Fear Politics Is Not Progressive Politics: A Survivor’s Challenge to Labour

Published on 25 January 2026 at 01:18

I came to the United Kingdom as a survivor of modern slavery and later as a refugee. I came with fear, trauma, and hope that this country—and a Labour government—would protect people like me. Today, I am angry, disappointed, and alarmed by the direction Labour is taking on immigration.

Prime Minister Keir Starmer has promised that Labour will “significantly” reduce migration and has declared that “every area of the immigration system—work, family and study—will be tightened up so we have more control.” He warned that without stricter rules, Britain could become “an island of strangers, not a nation that walks forward together.”

As a survivor and refugee, those words do not sound like solidarity. They sound like fear politics. They sound like migrants being framed as a threat to social cohesion rather than human beings seeking safety and dignity.

Labour’s policy plans go further. The government intends to raise skill thresholds to graduate level, extend the route to settlement from five years to ten, tighten English language requirements, and end overseas recruitment in sectors like social care. These are not neutral reforms. They are barriers designed to make migration harder, slower, and more precarious.

I know what precarious status feels like. My visa was once tied to my employer. That system kept me silent, trapped, and terrified. It is how exploitation and modern slavery continue to exist in the UK. Yet Labour has not dismantled this system. Instead, it is doubling down on policies that increase dependence on employers and reduce security for migrants.

Labour says these policies are about fairness and protecting British workers. But Prime Minister Starmer has also said that “uncontrolled, mass immigration is damaging to social cohesion” and that the system must work in the “national interest” by stopping “the wrong people from coming here.” https://www.gov.uk/government/speeches/pm-remarks-at-immigration-white-paper-press-conference-12-may-2025?

Who are the “wrong people”? Survivors? Refugees? Domestic workers? Women fleeing abuse? People escaping poverty and trafficking?

This language is not neutral. It legitimises hostility. It echoes the rhetoric of governments that treated migrants as disposable labour and political scapegoats. It makes people like me feel unwelcome in a country we help sustain.

Labour has also argued that immigration should fall and promised, “Now make no mistake, this plan means migration will fall. That’s a promise.” Keir Starmer vows to end ‘open borders experiment’ with immigration crackdown - Politics.co.uk

This obsession with numbers ignores the human cost. It ignores the women trapped in abusive households, the carers propping up the care system, and the refugees fleeing violence.

As a refugee, I know that migration is not always about choice. Sometimes it is about survival. Sometimes it is about escaping modern slavery, war, or exploitation. Reducing migration without expanding protection does not create fairness—it creates desperation and risk.

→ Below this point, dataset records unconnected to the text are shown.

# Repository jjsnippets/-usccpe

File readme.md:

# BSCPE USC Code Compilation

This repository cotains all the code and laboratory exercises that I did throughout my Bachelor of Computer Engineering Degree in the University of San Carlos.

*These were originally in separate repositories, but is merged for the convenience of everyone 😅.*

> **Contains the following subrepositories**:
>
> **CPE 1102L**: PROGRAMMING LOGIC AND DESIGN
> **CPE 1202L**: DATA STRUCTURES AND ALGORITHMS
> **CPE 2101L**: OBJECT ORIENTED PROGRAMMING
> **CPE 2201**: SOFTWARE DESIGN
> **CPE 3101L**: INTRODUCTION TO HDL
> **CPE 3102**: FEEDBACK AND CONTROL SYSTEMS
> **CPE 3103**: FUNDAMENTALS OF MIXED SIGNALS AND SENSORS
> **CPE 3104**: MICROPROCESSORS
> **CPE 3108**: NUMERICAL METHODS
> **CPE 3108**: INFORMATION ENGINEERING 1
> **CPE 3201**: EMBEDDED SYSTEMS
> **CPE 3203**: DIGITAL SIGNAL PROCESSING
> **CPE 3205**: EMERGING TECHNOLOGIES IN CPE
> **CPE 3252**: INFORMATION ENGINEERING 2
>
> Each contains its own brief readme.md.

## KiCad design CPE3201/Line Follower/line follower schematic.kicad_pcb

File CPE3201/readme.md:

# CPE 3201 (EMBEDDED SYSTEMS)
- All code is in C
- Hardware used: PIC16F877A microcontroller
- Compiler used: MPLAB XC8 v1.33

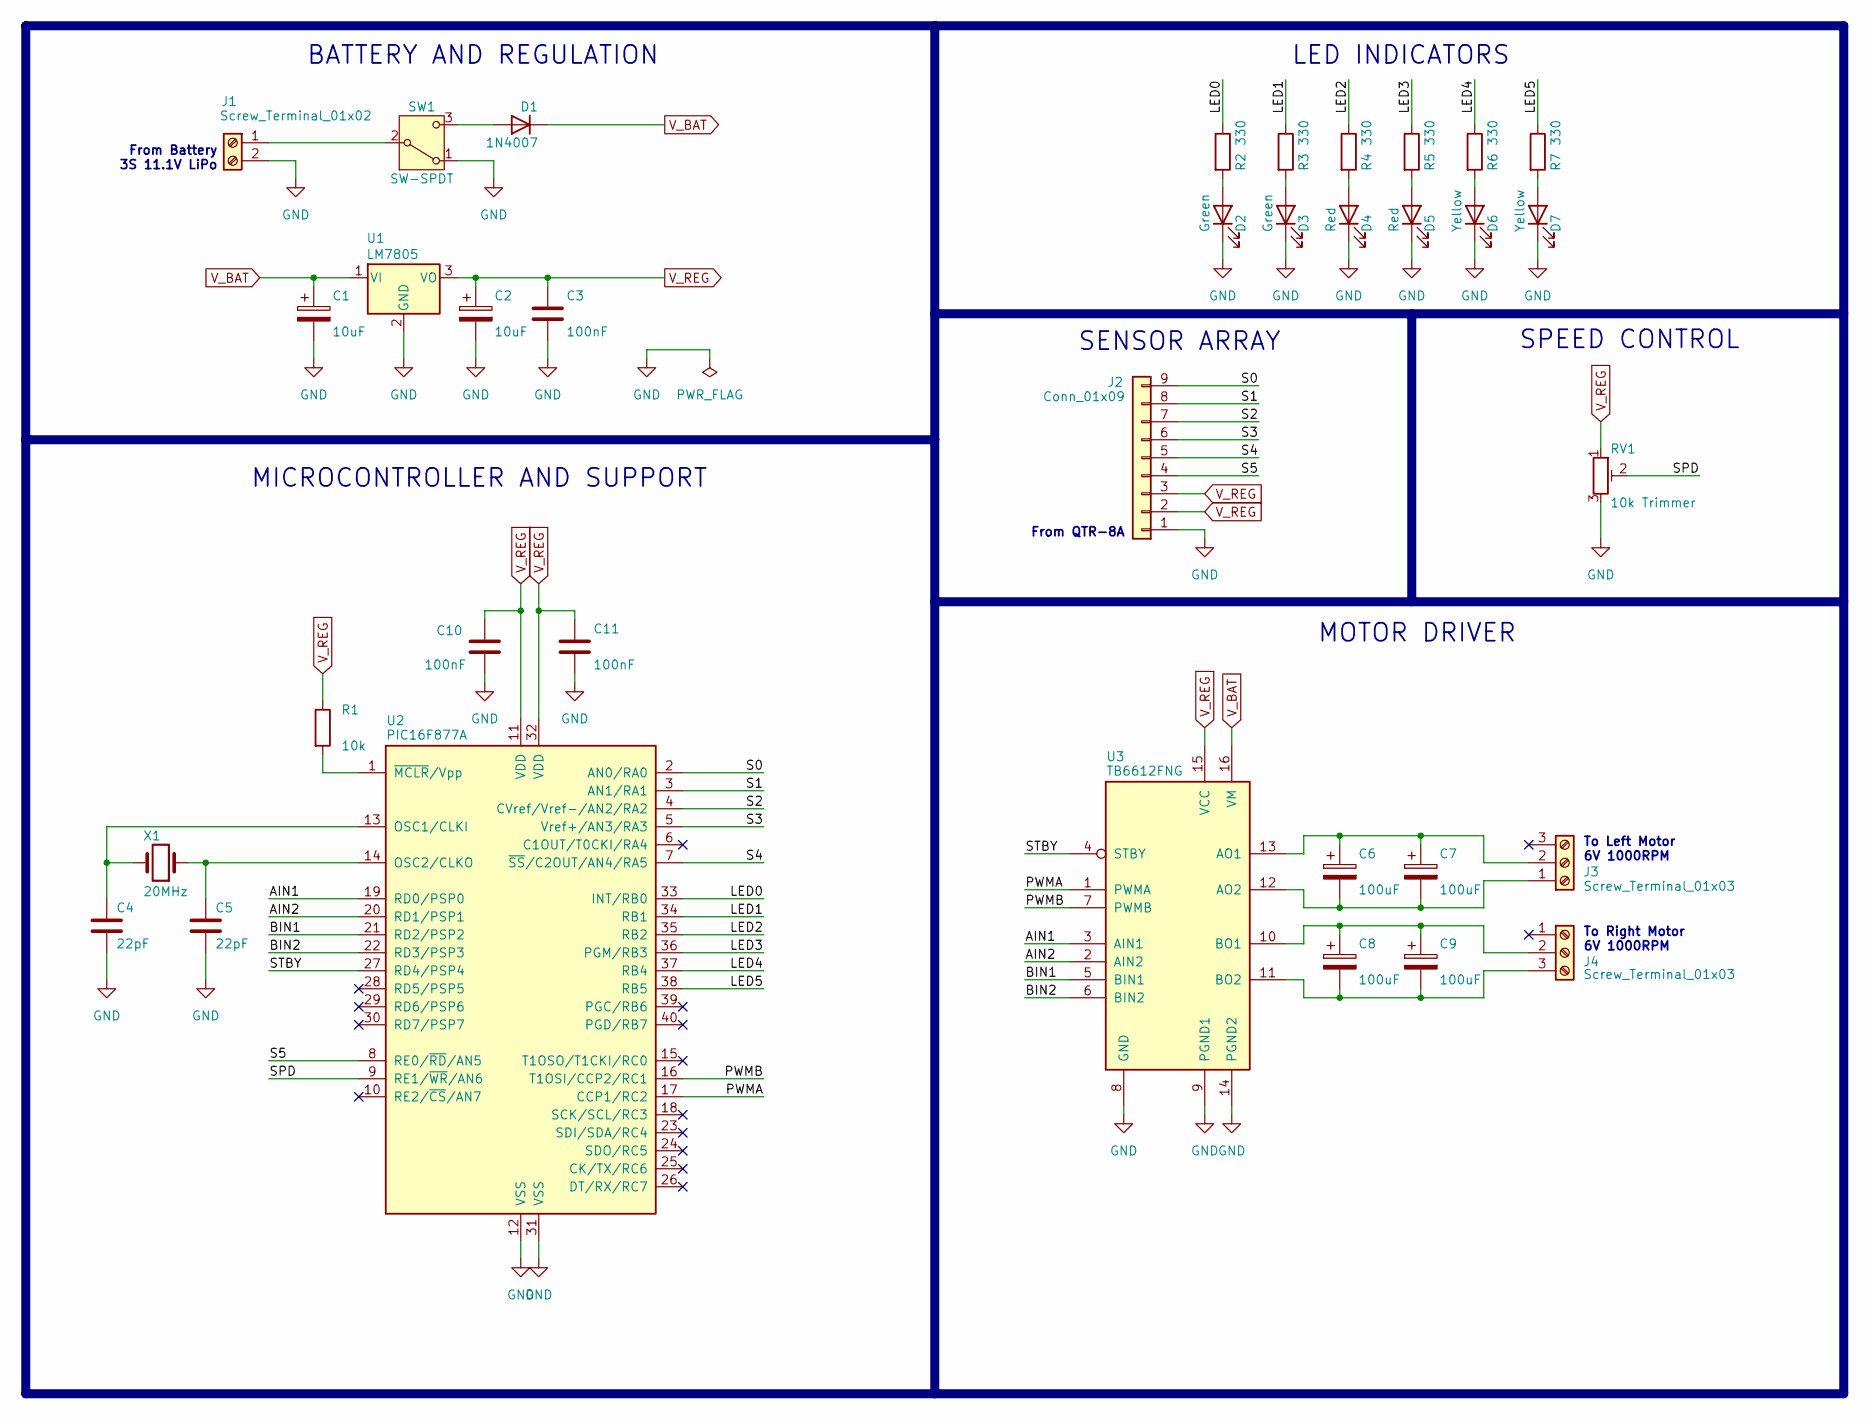
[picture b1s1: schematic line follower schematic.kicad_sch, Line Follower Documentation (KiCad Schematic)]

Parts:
C1, C2: 10uF; CP_Radial_D5.0mm_P2.50mm
C3, C10, C11: 100nF; C_Disc_D5.1mm_W3.2mm_P5.00mm
C4, C5: 22pF; C_Disc_D5.1mm_W3.2mm_P5.00mm
C6, C7, C8, C9: 100uF; CP_Radial_D6.3mm_P2.50mm
D1: 1N4007; D_DO-41_SOD81_P10.16mm_Horizontal
D2, D3: Green; LED_D5.0mm
D4, D5: Red; LED_D5.0mm
D6, D7: Yellow; LED_D5.0mm
J1: Screw_Terminal_01x02; TerminalBlock_Phoenix_MKDS-1,5-2-5.08_1x02_P5.08mm_Horizont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
J2: Conn_01x09; PinHeader_1x09_P2.54mm_Vertical
J3, J4: Screw_Terminal_01x03; TerminalBlock_Phoenix_MKDS-1,5-3_1x03_P5.00mm_Horizontal
R1: 10k; R_Axial_DIN0207_L6.3mm_D2.5mm_P10.16mm_Horizontal
R2, R3, R4, R5, R6, R7: 330; R_Axial_DIN0207_L6.3mm_D2.5mm_P10.16mm_Horizontal
RV1: 10k Trimmer; Potentiometer_Bourns_3296Y_Vertical
SW1: SW-SPDT; TerminalBlock_Phoenix_MKDS-1,5-3_1x03_P5.00mm_Horizontal
U1: LM7805; TO-220-3_Vertical
U2: PIC16F877A; DIP-40_W15.24mm
U3: TB6612FNG; DIP-16_W7.62mm_LongPads
X1: 20MHz; Crystal_HC49-U_Vertical

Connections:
/AIN1: U2.19 (RD0/PSP0), U3.3 (AIN1)
/AIN2: U2.20 (RD1/PSP1), U3.2 (AIN2)
/BIN1: U2.21 (RD2/PSP2), U3.5 (BIN1)
/BIN2: U2.22 (RD3/PSP3), U3.6 (BIN2)
/LED0: R2.1, U2.33 (INT/RB0)
/LED1: R3.1, U2.34 (RB1)
/LED2: R4.1, U2.35 (RB2)
/LED3: R5.1, U2.36 (PGM/RB3)
/LED4: R6.1, U2.37 (RB4)
/LED5: R7.1, U2.38 (RB5)
/PWMA: U2.17 (CCP1/RC2), U3.1 (PWMA)
/PWMB: U2.16 (T1OSI/CCP2/RC1), U3.7 (PWMB)
/S0: J2.9, U2.2 (AN0/RA0)
/S1: J2.8, U2.3 (AN1/RA1)
/S2: J2.7, U2.4 (CVref/Vref-/AN2/RA2)
/S3: J2.6, U2.5 (Vref+/AN3/RA3)
/S4: J2.5, U2.7 (~SS/C2OUT/AN4/RA5)
/S5: J2.4, U2.8 (RE0/~RD/AN5)
/SPD: RV1.2, U2.9 (RE1/~WR/AN6)
/STBY: U2.27 (RD4/PSP4), U3.4 (STBY)
GND: C1.2, C2.2, C3.2, C4.2, C5.2, C10.2, C11.2, D2.1 (K), D3.1 (K), D4.1 (K), D5.1 (K), D6.1 (K), D7.1 (K), J1.2, J2.1, RV1.3, SW1.1 (A), U1.2 (GND), U2.12 (VSS), U2.31 (VSS), U3.8 (GND), U3.9 (PGND1), U3.14 (PGND2)
unnamed: D1.2 (A), SW1.3 (C)
unnamed: D2.2 (A), R2.2
unnamed: D3.2 (A), R3.2
unnamed: D4.2 (A), R4.2
unnamed: D5.2 (A), R5.2
unnamed: D6.2 (A), R6.2
unnamed: D7.2 (A), R7.2
unnamed: J1.1, SW1.2 (B)
unnamed: C6.2, C7.2, J3.1, U3.12 (AO2)
unnamed: C6.1, C7.1, J3.2, U3.13 (AO1)
unnamed: C8.1, C9.1, J4.2, U3.10 (BO1)
unnamed: C8.2, C9.2, J4.3, U3.11 (BO2)
unnamed: C4.1, U2.13 (OSC1/CLKI), X1.2
unnamed: C5.1, U2.14 (OSC2/CLKO), X1.1
unnamed: R1.2, U2.1 (~MCLR/Vpp)
V_BAT: C1.1, D1.1 (K), U1.1 (VI), U3.16 (VM)
V_REG: C2.1, C3.1, C10.1, C11.1, J2.2, J2.3, R1.1, RV1.1, U1.3 (VO), U2.11 (VDD), U2.32 (VDD), U3.15 (VCC)

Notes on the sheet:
To Right Motor 6V 1000RPM
SPEED CONTROL
To Left Motor 6V 1000RPM
SENSOR ARRAY
BATTERY AND REGULATION
From Battery 3S 11.1V LiPo
LED INDICATORS
From QTR-8A
MICROCONTROLLER AND SUPPORT
MOTOR DRIVER

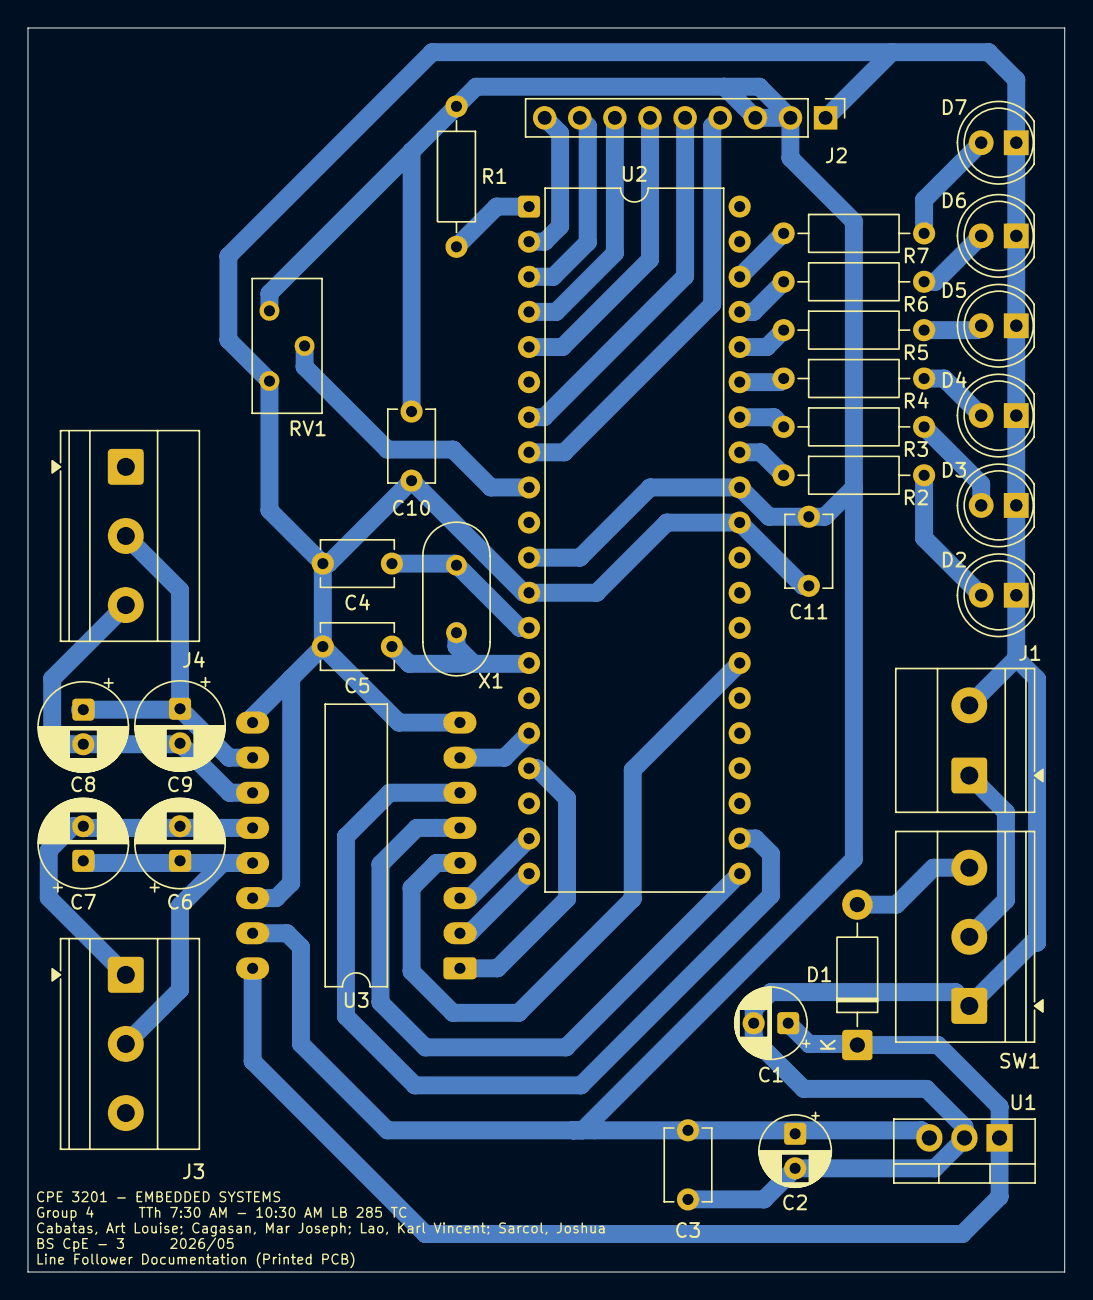
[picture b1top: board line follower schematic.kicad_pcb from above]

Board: 2 copper layers, 75.0 x 90.0 mm, 35 parts (0 on the bottom side), 38 nets.

Labour claims to be the party of workers, yet migrant workers remain among the most exploited in the UK. Labour claims to defend human rights, yet it refuses to guarantee secure status independent of employers. Labour claims to stand for solidarity, yet it is afraid to challenge anti-migrant narratives and instead competes with the right on toughness.

This is not progressive politics. This is fear-driven triangulation.

I became an activist because I refused to stay silent. But many migrants cannot speak. They are afraid of losing their visas, their jobs, their homes. A Labour government that truly cared about survivors would untie visas from employers, guarantee safe reporting mechanisms, and create real pathways to settlement. Instead, we get longer waits, higher thresholds, and speeches about control.

Immigration policy is not just about borders and numbers. It is about who deserves safety, dignity, and belonging. As a survivor and refugee, I am telling Labour clearly: your words and policies matter. If you continue down this path, you will betray the very principles you claim to represent.

Justice should not depend on a passport.
Safety should not depend on an employer.
And dignity should never be sacrificed for political strategy.